When you reach the line containing "note: Top-level Outputs" in the entries below, begin reproducing lines exactly, and stop once the line containing "DAA System : Subsystem" is done.

** Opening MATERIAL FOR THIS EXERCISE block **

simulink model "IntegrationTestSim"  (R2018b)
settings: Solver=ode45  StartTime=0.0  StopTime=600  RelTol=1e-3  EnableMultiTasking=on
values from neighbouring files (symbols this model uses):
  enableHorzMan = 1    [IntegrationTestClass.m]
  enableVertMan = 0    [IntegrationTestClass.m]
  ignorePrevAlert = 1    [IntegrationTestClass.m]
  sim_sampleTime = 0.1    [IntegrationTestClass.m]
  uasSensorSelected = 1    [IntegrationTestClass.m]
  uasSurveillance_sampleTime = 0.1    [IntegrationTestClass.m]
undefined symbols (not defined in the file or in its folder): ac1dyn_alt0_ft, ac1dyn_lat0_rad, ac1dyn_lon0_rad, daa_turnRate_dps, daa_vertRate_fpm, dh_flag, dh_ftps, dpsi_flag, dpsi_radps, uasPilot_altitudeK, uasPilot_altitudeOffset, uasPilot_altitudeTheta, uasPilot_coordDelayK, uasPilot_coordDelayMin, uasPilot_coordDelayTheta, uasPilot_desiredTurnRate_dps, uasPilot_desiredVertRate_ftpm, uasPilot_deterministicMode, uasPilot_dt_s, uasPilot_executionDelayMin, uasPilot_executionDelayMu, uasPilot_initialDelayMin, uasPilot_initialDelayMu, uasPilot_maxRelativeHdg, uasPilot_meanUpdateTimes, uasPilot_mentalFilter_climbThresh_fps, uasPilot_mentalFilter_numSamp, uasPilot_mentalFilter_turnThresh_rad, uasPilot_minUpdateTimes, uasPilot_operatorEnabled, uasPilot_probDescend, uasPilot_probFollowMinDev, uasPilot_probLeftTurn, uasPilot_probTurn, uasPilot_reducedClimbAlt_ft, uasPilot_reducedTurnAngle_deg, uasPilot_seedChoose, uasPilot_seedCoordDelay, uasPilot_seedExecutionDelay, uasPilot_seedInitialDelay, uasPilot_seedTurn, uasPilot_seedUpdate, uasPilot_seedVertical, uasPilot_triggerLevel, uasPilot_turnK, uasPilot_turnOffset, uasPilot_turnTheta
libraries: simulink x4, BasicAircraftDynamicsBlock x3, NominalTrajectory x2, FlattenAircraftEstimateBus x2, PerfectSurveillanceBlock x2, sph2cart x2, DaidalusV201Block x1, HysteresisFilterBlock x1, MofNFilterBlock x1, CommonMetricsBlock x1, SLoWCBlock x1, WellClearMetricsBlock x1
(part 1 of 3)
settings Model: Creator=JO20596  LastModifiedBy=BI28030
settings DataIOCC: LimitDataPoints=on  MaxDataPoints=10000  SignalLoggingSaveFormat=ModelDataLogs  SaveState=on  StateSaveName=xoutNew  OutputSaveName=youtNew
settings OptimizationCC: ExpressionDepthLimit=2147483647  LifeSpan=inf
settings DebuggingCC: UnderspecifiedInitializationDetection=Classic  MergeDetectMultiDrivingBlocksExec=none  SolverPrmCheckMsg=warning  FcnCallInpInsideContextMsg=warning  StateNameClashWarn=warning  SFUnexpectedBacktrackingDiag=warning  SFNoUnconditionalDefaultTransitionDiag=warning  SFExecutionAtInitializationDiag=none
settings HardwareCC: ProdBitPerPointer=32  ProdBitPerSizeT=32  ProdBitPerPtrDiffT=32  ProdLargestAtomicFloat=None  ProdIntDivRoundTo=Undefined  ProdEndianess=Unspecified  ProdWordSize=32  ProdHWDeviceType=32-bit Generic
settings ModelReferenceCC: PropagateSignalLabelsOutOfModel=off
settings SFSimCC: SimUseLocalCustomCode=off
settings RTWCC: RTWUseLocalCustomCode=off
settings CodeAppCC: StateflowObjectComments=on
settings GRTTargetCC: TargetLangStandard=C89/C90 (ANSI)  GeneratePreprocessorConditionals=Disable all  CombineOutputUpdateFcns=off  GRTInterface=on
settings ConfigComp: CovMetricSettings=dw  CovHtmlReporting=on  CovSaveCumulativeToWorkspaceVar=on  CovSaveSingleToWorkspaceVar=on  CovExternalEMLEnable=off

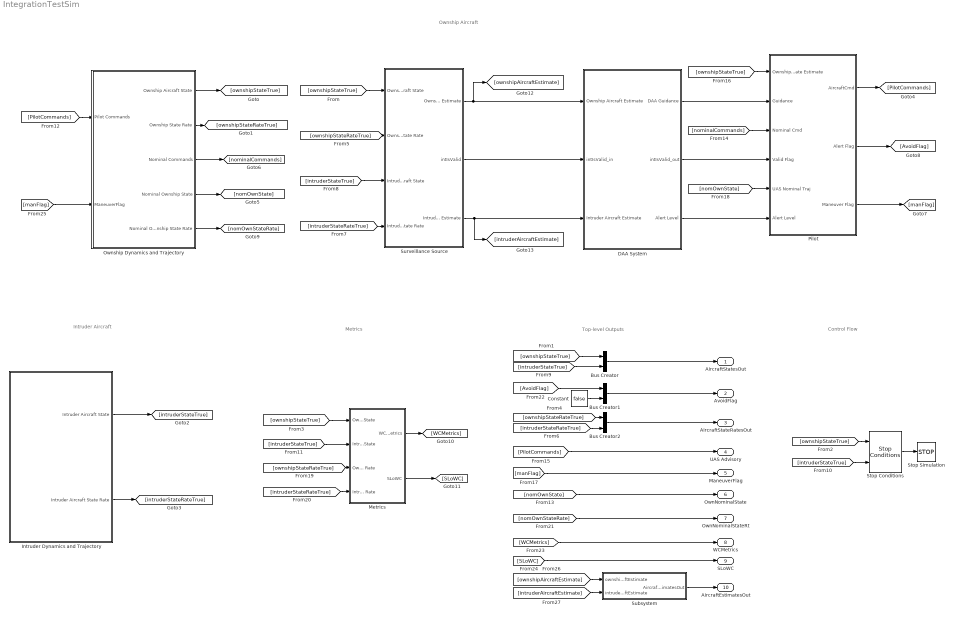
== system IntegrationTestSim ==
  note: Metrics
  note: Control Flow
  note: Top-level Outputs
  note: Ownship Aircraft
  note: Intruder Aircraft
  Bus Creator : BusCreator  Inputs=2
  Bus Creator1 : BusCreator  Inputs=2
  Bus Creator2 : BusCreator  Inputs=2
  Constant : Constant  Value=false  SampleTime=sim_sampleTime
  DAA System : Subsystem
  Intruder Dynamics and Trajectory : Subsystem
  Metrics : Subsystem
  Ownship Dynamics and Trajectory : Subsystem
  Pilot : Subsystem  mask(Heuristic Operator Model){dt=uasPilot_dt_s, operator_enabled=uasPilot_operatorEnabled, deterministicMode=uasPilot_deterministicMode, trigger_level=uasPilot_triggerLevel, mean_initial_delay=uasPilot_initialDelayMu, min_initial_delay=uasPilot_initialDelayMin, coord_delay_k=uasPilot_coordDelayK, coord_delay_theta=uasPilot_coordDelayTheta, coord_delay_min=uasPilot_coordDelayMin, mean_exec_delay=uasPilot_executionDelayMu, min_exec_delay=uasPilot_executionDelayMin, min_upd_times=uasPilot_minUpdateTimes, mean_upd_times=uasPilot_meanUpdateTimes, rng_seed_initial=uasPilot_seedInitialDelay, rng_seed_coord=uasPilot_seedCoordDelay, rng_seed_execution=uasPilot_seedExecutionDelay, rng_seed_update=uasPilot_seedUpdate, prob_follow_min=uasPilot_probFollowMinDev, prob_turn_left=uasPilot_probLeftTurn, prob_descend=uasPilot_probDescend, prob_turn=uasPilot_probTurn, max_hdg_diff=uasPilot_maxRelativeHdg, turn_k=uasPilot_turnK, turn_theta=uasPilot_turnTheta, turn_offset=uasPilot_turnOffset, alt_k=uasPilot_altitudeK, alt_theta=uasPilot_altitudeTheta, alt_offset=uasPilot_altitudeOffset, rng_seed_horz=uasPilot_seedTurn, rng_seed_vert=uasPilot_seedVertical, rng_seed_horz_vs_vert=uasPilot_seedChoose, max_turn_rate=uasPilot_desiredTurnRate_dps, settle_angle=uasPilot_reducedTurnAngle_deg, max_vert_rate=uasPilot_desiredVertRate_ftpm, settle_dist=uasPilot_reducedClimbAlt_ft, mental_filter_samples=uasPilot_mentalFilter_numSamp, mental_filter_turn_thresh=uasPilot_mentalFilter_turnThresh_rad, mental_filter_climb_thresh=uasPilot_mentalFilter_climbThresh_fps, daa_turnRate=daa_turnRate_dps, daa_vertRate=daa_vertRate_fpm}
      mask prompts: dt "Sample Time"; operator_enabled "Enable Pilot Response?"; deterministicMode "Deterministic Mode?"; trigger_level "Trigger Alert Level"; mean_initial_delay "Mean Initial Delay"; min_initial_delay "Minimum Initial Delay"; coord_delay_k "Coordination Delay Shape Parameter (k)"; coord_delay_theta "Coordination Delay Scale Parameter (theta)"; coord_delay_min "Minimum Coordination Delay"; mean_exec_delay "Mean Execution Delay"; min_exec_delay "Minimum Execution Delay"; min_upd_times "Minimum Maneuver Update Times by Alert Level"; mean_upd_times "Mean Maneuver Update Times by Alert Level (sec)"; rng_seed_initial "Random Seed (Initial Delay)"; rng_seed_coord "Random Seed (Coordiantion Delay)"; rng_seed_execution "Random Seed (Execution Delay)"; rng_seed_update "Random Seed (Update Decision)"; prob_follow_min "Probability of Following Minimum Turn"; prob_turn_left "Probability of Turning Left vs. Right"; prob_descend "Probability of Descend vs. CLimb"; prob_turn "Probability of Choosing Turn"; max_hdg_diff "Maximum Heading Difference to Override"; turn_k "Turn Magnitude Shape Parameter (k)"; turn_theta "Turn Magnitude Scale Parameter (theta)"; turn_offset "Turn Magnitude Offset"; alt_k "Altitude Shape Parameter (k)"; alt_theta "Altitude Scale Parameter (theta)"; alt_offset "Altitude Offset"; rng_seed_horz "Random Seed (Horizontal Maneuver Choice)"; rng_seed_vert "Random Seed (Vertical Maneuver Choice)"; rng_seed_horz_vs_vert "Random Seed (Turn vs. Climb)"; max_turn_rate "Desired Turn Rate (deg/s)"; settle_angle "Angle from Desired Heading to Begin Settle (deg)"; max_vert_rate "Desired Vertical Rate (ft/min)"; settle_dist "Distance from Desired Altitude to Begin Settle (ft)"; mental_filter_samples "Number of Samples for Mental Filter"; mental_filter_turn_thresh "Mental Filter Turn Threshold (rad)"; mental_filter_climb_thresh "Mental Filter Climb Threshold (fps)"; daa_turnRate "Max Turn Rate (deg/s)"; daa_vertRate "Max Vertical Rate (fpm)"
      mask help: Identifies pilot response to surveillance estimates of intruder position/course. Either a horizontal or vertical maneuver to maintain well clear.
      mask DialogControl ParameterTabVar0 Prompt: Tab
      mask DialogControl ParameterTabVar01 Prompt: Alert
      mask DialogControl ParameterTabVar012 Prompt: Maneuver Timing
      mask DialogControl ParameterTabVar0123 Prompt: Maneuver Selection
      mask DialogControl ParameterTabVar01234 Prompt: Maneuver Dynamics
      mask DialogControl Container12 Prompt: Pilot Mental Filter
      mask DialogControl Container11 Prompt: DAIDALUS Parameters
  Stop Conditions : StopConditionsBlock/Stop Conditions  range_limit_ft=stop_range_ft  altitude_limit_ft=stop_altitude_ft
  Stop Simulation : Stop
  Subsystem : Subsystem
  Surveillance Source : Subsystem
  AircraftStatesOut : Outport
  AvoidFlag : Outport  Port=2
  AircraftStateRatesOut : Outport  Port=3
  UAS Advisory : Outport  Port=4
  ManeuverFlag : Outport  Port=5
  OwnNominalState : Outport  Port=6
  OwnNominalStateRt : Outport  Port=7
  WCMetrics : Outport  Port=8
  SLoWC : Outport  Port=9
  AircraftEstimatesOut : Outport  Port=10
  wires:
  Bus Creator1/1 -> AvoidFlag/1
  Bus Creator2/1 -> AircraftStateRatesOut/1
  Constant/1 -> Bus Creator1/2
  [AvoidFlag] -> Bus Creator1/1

** Closing MATERIAL FOR THIS EXERCISE block **

- OUTPUT FOR THIS EXERCISE -
  note: Top-level Outputs
  note: Ownship Aircraft
  note: Intruder Aircraft
  Bus Creator : BusCreator  Inputs=2
  Bus Creator1 : BusCreator  Inputs=2
  Bus Creator2 : BusCreator  Inputs=2
  Constant : Constant  Value=false  SampleTime=sim_sampleTime
  DAA System : Subsystem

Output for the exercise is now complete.